Open and run [plot.ipynb](plot.ipynb) to generate all figures used in the paper:

The notebook generates the following figures in `figures/`:
- `value_max_utility.pdf` - Utility metrics for Top-1 value maximization
- `value_max_mse.pdf` - MSE convergence for Top-1 (faceted by output dimension)
- `graph_utility.pdf` - Utility metrics for graph matching
- `graph_mse.pdf` - MSE convergence for graph matching

## Experiment Configurations

### Sweep Configurations

#### Top-1 Value Maximization (`configs/sweep/default.yaml`)

- **Problem**: Synthetic value maximization (single item selection)
- **Parameters swept**:
  - `batch_size`: [16, 64, 256, 1028]
  - `tol`: [0.125, 0.0625, 0.03125, 0.015625, 0.0078125]
  - `output_dim`: [4, 16, 64, 256]
- **Seeds**: 5 (42-46)
- **Total experiments**: 400

#### Graph Matching (`configs/sweep/default-full-graph.yaml`)

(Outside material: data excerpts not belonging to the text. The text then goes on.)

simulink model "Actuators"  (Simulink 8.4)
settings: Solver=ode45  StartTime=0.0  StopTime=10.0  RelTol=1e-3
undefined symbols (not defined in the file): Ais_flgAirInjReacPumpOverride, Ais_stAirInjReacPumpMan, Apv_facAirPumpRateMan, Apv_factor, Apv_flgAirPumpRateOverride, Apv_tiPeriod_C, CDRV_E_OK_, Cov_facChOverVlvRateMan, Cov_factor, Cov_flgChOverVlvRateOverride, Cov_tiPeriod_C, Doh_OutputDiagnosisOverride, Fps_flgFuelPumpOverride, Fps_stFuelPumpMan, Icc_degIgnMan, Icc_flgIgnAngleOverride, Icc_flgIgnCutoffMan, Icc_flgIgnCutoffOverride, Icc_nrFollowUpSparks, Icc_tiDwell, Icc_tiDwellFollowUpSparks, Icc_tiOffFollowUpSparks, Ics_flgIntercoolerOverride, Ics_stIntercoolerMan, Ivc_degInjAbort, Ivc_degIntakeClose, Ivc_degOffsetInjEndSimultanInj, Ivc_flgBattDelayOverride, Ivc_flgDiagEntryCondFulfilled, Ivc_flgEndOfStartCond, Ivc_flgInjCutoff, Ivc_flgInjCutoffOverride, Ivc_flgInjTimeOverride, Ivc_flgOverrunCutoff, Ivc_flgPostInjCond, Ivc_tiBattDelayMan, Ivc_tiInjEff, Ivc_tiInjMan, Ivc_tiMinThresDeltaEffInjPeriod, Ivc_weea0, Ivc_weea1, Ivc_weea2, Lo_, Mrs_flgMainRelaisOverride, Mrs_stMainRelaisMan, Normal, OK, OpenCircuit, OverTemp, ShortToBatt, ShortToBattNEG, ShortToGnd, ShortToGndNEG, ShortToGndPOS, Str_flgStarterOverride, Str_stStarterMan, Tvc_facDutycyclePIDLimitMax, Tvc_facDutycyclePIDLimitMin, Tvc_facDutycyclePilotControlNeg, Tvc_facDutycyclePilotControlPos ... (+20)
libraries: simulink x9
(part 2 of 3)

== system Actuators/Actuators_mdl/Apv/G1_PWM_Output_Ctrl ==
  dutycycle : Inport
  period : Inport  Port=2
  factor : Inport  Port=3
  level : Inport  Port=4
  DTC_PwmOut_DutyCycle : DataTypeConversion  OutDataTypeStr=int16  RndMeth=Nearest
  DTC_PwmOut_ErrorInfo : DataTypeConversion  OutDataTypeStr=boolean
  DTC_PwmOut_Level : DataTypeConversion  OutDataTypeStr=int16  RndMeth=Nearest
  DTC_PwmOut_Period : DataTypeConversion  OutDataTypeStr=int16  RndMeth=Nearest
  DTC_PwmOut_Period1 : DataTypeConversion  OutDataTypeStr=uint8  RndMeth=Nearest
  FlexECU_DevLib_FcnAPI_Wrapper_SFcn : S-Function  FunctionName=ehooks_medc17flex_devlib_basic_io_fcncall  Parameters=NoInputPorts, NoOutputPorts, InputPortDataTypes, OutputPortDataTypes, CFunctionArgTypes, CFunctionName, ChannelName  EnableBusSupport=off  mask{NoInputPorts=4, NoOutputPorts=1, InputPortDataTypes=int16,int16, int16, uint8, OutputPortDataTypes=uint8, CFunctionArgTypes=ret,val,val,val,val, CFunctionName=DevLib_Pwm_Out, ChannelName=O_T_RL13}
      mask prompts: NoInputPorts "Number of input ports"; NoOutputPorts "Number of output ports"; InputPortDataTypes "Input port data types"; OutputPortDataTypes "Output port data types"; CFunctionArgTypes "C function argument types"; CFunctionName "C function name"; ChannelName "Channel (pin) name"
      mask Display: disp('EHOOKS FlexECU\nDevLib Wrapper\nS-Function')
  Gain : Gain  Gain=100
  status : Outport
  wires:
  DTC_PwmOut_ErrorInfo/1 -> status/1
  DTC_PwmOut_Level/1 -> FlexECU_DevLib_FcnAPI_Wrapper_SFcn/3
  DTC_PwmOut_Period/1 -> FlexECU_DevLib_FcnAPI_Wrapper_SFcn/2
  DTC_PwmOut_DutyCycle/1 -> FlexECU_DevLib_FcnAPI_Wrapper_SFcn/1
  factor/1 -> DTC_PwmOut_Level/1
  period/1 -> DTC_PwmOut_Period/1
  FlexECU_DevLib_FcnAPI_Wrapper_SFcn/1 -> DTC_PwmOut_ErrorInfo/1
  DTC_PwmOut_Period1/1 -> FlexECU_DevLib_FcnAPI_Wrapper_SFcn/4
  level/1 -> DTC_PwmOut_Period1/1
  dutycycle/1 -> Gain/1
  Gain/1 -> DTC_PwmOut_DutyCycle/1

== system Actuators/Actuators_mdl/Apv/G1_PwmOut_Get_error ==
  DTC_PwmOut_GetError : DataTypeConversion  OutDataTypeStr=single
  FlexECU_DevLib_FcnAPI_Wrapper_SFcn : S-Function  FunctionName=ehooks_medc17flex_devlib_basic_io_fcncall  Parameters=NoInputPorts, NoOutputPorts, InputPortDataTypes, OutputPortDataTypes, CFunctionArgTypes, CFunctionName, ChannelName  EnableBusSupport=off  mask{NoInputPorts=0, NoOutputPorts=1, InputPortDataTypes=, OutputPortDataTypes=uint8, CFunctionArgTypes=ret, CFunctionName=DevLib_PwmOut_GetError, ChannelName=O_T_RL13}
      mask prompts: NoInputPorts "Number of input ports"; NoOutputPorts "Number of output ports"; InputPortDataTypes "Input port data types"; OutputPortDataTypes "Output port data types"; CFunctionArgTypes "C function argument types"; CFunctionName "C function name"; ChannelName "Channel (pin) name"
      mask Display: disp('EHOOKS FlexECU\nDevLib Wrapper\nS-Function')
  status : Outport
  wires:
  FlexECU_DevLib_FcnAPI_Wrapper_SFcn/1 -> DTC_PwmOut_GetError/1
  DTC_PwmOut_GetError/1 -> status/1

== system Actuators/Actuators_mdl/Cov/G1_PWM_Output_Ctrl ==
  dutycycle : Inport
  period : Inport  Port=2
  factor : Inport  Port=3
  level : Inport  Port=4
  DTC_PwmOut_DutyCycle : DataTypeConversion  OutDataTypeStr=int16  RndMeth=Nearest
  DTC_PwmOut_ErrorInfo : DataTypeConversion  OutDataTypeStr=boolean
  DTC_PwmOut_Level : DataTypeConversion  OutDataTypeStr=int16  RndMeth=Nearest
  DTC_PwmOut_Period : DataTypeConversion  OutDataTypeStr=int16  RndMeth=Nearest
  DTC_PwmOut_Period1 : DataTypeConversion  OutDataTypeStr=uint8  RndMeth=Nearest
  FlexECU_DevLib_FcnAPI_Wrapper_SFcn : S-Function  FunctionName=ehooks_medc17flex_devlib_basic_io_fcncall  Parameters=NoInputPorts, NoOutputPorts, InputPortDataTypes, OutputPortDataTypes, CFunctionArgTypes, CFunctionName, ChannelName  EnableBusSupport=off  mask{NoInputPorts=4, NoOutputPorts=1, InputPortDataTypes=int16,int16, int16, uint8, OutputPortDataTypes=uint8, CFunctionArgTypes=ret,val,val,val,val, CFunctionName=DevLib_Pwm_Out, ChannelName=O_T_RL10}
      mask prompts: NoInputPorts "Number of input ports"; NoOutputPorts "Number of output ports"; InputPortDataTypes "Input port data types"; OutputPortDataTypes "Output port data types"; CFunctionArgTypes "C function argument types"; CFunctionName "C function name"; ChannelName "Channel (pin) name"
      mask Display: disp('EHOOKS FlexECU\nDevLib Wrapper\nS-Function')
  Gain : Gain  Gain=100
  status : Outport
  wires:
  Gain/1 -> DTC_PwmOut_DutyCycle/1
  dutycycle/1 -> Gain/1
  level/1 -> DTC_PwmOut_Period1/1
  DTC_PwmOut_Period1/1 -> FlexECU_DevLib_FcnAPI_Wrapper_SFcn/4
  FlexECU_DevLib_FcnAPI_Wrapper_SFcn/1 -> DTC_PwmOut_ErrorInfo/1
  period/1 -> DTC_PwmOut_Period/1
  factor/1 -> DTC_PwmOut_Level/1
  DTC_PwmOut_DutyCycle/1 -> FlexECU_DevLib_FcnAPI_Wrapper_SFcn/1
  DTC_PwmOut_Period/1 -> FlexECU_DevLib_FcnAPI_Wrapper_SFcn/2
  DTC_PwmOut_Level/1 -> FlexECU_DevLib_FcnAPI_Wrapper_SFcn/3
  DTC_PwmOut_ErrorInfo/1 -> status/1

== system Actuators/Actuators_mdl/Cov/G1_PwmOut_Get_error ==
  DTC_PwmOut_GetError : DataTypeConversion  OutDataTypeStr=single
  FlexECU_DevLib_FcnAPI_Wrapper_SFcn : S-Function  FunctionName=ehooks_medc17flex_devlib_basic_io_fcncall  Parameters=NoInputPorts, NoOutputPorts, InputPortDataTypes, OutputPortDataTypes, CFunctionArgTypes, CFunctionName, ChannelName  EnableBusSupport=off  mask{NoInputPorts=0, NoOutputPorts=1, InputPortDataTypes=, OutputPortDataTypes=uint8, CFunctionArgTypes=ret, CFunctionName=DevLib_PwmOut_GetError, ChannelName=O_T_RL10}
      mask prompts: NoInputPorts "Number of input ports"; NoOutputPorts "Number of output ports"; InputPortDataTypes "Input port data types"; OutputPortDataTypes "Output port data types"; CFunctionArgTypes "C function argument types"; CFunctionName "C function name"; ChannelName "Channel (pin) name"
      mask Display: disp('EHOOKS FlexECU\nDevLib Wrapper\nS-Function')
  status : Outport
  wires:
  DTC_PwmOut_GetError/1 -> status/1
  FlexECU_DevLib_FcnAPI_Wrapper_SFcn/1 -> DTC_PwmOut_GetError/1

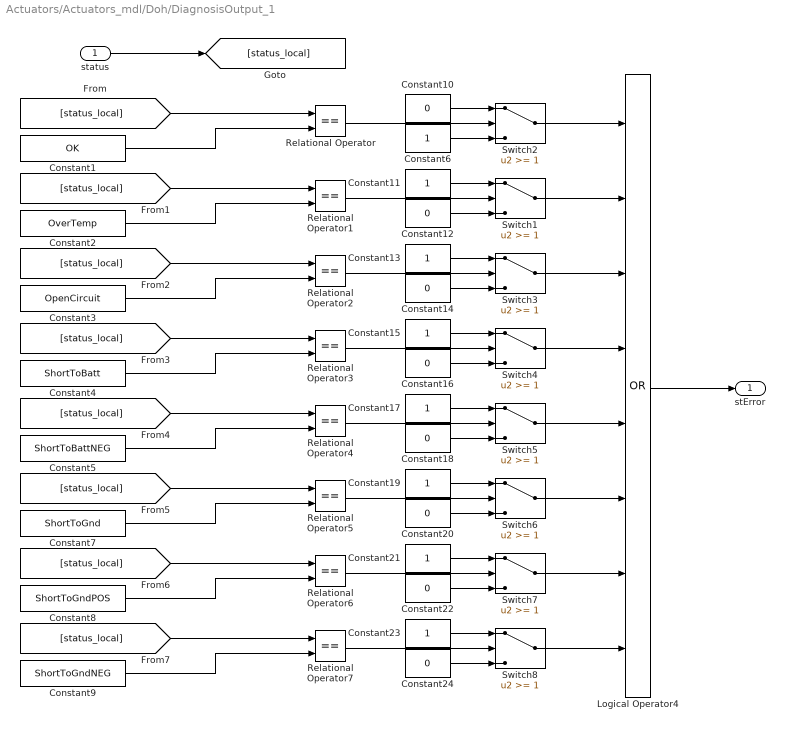
== system Actuators/Actuators_mdl/Doh/DiagnosisOutput_1 ==
  status : Inport
  Constant1 : Constant  Value=OK
  Constant{10,12,14,16,18,20,22,24} (8 alike) : Constant  Value=0  OutDataTypeStr=boolean
  Constant{6,11,13,15,17,19,21,23} (8 alike) : Constant  OutDataTypeStr=boolean
  Constant2 : Constant  Value=OverTemp
  Constant3 : Constant  Value=OpenCircuit
  Constant4 : Constant  Value=ShortToBatt
  Constant5 : Constant  Value=ShortToBattNEG
  Constant7 : Constant  Value=ShortToGnd
  Constant8 : Constant  Value=ShortToGndPOS
  Constant9 : Constant  Value=ShortToGndNEG
  Logical Operator4 : Logic  Operator=OR  Inputs=8  AllPortsSameDT=off  OutDataTypeStr=boolean
  Relational Operator{,1..7} (8 alike) : RelationalOperator  Operator===  OutDataTypeStr=boolean
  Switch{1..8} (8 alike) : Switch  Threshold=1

- **Problem**: Bipartite matching on synthetic complete graphs
- **Parameters swept**:
  - `batch_size`: [16, 64, 256, 1028]
  - `tol`: [0.125, 0.0625, 0.03125, 0.015625, 0.0078125]
- **Output dimension**: 45 (fixed for 10-node complete bipartite graph)
- **Seeds**: 5 (42-46)
- **Total experiments**: 100

### Configuration Format

Experiments use YAML configs with the following structure:

```yaml
type: dummy
seed: 42
predictor_config:
  type: simple_net
  input_dim: 10
  output_dim: 75
  epochs: 1000
  lr: 0.01
dataset_config:
  type: synthetic
  test_size: 4096
  predictor_size: 20000
  calibrator_size: null
calibrator_config:
  type: grid_boost
  batch_size: 1024
  tol: 0.01
  grid_resolution: 0.25
  max_iter: 1024
```

See individual experiment configs in `configs/experiments/` for complete details.

## Key Components

### Calibrators

- **GridBoost** (`wmcal/calibrators/grid_boost.py`): Iterative gradient-boosting style calibration over discretized decision space
  - Supports both Top-K and graph matching decision functions
  - Uses Sinkhorn iterations with configurable tolerance

### Predictors

- **SimpleNet** (`wmcal/predictors/simple_net.py`): Neural network predictor for utilities/edge weights
  - Configurable architecture (input/output dimensions, learning rate, epochs)
  - Trained on synthetic polynomial utility functions

### Decision Functions

- **Top-K Selection**: `wmcal/data/decision_functions/top_k.py`
- **Graph Matching**: `wmcal/data/decision_functions/graph.py`

### Datasets

- **Synthetic**: Polynomial utility functions (`wmcal/data/datasets/synthetic/`)
- **Synthetic Graph**: Random edge weights for bipartite graphs (`wmcal/data/datasets/synthetic_graph/`)

## Experiment Results

All experiment results are stored in `.logs/{experiment_id}/`:
- `metrics.jsonl`: Logged metrics (MSE, MVS) over training iterations
- `config.yaml`: Full experiment configuration
- `done`: Marker file indicating completion

The submission includes logs for all 500 experiments (400 Top-1 + 100 Graph Matching).